- _WHAT TO PRODUCE_
Counting only lines that contain "equation", state the total found in the material below. Add nothing else.

::: SUPPLIED DATA

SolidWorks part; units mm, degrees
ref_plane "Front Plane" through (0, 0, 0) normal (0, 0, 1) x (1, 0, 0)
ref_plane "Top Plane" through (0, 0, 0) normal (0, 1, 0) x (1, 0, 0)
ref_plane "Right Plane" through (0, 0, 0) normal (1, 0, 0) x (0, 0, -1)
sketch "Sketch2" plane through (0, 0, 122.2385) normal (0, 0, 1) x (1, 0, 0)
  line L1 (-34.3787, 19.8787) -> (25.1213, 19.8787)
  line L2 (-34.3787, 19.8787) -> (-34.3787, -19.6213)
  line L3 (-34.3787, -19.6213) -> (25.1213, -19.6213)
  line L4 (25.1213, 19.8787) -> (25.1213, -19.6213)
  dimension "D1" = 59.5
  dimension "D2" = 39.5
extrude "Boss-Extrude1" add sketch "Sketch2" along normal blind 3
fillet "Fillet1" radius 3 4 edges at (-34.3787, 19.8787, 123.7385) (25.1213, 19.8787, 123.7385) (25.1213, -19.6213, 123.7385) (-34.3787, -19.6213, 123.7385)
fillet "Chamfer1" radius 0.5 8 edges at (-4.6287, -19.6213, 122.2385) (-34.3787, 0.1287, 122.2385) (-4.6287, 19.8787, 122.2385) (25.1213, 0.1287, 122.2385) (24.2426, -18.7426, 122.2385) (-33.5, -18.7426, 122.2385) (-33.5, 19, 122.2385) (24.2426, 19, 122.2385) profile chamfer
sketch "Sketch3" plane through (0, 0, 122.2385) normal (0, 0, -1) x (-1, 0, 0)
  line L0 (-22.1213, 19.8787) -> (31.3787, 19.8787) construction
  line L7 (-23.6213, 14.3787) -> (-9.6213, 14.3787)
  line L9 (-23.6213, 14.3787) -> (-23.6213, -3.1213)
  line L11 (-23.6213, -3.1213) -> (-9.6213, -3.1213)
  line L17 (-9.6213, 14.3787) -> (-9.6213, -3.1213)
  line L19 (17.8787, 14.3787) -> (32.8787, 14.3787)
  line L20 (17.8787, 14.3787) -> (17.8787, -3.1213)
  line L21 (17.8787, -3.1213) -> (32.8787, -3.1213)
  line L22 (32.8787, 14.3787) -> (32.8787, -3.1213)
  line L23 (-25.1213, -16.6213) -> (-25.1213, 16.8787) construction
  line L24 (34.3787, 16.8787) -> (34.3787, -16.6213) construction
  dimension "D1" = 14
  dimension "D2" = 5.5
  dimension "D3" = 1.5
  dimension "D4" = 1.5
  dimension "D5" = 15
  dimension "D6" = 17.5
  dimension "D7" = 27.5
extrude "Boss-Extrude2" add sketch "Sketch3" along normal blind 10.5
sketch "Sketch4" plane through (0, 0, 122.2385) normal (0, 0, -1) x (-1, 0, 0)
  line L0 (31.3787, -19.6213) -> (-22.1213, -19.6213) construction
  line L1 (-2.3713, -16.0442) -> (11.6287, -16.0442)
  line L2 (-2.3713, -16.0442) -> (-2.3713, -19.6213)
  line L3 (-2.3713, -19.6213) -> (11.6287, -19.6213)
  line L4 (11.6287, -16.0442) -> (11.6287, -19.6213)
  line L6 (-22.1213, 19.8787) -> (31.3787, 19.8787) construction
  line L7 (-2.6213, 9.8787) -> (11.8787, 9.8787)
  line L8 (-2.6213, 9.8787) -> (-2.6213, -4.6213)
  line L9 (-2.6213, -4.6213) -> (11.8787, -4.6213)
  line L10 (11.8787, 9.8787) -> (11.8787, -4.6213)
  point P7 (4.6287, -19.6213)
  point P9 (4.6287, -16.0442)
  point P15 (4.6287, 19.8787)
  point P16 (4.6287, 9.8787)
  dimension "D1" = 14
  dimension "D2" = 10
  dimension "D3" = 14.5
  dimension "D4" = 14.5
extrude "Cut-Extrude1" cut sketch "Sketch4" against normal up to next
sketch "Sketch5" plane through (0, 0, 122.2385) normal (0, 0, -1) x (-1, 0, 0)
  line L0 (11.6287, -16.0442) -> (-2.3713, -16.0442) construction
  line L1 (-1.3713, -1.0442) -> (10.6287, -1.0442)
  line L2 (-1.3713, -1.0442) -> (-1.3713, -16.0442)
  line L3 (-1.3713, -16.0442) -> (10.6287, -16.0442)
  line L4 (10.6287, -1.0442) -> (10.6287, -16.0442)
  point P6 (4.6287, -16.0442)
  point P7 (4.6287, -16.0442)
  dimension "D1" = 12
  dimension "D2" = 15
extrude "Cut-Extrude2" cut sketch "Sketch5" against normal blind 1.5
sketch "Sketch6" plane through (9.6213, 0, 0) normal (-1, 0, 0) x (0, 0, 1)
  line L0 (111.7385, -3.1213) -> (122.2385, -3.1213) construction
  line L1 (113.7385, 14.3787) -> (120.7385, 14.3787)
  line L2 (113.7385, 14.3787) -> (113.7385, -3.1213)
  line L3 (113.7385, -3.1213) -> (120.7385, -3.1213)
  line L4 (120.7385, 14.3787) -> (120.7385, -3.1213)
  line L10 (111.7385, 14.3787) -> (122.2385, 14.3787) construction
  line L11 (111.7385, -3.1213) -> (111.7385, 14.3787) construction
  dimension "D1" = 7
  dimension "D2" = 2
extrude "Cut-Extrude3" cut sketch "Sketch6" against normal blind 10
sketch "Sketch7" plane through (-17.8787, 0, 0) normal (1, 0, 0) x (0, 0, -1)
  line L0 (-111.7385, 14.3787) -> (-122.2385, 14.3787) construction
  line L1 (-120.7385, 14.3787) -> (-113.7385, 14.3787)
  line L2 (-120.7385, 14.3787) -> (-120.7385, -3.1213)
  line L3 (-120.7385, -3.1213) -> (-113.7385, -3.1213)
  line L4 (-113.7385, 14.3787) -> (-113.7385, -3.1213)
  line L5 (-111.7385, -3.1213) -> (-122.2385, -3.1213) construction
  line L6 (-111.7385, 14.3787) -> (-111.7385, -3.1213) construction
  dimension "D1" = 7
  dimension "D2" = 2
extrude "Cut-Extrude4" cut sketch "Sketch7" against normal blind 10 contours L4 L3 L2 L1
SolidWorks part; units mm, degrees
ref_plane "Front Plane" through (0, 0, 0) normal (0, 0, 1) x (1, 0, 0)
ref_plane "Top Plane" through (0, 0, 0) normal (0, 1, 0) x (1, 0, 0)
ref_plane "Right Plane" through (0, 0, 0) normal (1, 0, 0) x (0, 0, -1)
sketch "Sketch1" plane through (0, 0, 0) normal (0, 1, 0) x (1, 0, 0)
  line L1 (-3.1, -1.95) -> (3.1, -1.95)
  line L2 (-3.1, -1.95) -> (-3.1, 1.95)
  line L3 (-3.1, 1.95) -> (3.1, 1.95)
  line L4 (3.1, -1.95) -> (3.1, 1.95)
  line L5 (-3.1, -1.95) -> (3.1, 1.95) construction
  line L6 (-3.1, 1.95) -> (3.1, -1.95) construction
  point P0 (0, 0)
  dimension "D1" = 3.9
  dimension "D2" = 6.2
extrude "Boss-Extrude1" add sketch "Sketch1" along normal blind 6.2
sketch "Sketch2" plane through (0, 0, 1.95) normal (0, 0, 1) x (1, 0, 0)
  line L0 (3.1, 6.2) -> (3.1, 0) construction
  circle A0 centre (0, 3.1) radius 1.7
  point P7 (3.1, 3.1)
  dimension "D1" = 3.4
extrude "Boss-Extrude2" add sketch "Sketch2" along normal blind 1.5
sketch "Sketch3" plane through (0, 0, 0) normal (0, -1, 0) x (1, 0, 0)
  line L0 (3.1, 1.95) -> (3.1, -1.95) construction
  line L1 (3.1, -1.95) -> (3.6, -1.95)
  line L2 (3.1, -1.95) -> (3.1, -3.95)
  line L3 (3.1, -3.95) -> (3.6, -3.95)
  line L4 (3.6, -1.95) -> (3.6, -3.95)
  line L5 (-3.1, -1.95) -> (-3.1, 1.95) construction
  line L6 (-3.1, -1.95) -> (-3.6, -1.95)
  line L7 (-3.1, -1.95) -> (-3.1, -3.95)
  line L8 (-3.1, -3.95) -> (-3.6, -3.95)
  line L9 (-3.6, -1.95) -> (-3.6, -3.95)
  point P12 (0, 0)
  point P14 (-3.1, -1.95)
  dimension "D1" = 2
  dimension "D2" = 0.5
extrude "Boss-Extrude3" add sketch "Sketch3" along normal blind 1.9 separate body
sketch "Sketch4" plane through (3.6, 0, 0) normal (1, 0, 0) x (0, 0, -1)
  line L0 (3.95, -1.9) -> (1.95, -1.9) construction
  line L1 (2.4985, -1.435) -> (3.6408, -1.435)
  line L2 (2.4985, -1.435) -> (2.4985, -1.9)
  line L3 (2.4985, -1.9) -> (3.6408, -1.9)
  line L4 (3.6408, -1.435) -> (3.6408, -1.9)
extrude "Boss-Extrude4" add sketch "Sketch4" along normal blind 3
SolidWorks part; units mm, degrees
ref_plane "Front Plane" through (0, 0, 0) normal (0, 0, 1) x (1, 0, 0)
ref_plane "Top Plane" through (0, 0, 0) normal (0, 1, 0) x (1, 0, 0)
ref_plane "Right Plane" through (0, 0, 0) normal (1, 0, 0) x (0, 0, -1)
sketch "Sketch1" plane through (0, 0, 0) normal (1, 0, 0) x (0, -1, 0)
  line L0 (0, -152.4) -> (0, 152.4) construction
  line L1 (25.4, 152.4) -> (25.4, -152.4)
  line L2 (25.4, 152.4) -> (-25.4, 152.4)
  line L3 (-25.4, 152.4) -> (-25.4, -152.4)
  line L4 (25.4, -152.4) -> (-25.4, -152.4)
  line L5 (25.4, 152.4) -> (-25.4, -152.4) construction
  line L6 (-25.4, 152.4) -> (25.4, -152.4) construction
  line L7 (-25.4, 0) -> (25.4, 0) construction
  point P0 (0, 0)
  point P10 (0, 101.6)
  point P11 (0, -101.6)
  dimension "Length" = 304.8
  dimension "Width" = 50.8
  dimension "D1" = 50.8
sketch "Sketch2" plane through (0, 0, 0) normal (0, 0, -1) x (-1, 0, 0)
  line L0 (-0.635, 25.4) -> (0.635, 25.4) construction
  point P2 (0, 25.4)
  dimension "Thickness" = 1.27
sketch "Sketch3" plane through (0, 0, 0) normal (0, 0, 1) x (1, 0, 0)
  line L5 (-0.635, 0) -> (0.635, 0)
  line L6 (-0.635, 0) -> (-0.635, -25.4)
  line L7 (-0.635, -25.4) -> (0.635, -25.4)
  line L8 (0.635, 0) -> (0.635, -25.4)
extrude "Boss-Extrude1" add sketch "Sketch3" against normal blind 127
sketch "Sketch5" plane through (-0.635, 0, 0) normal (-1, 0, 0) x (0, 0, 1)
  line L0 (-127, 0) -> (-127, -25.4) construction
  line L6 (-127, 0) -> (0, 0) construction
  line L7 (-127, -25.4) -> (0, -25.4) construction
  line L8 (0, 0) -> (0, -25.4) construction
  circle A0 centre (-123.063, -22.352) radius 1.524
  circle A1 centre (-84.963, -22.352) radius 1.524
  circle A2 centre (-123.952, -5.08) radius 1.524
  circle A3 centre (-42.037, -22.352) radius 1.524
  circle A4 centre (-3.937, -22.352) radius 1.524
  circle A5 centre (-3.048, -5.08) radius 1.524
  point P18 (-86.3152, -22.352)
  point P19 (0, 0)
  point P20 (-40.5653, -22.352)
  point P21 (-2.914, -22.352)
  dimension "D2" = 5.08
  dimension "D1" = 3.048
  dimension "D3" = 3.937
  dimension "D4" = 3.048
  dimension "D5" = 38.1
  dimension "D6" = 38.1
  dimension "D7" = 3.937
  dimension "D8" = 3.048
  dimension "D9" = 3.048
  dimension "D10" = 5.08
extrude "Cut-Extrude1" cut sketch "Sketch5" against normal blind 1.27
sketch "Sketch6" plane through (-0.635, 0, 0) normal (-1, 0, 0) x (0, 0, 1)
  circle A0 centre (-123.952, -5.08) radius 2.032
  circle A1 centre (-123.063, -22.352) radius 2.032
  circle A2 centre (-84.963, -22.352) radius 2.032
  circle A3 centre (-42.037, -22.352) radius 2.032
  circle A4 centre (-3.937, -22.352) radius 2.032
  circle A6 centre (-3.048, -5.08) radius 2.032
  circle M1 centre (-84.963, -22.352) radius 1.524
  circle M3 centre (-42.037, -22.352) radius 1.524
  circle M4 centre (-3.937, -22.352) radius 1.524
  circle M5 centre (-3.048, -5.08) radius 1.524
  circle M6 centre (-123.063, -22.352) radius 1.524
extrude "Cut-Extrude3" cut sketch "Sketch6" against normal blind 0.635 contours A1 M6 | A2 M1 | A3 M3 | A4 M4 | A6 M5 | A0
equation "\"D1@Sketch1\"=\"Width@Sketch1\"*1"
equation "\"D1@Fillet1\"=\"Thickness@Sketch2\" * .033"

::::::

- _TASK RESPONSE_
2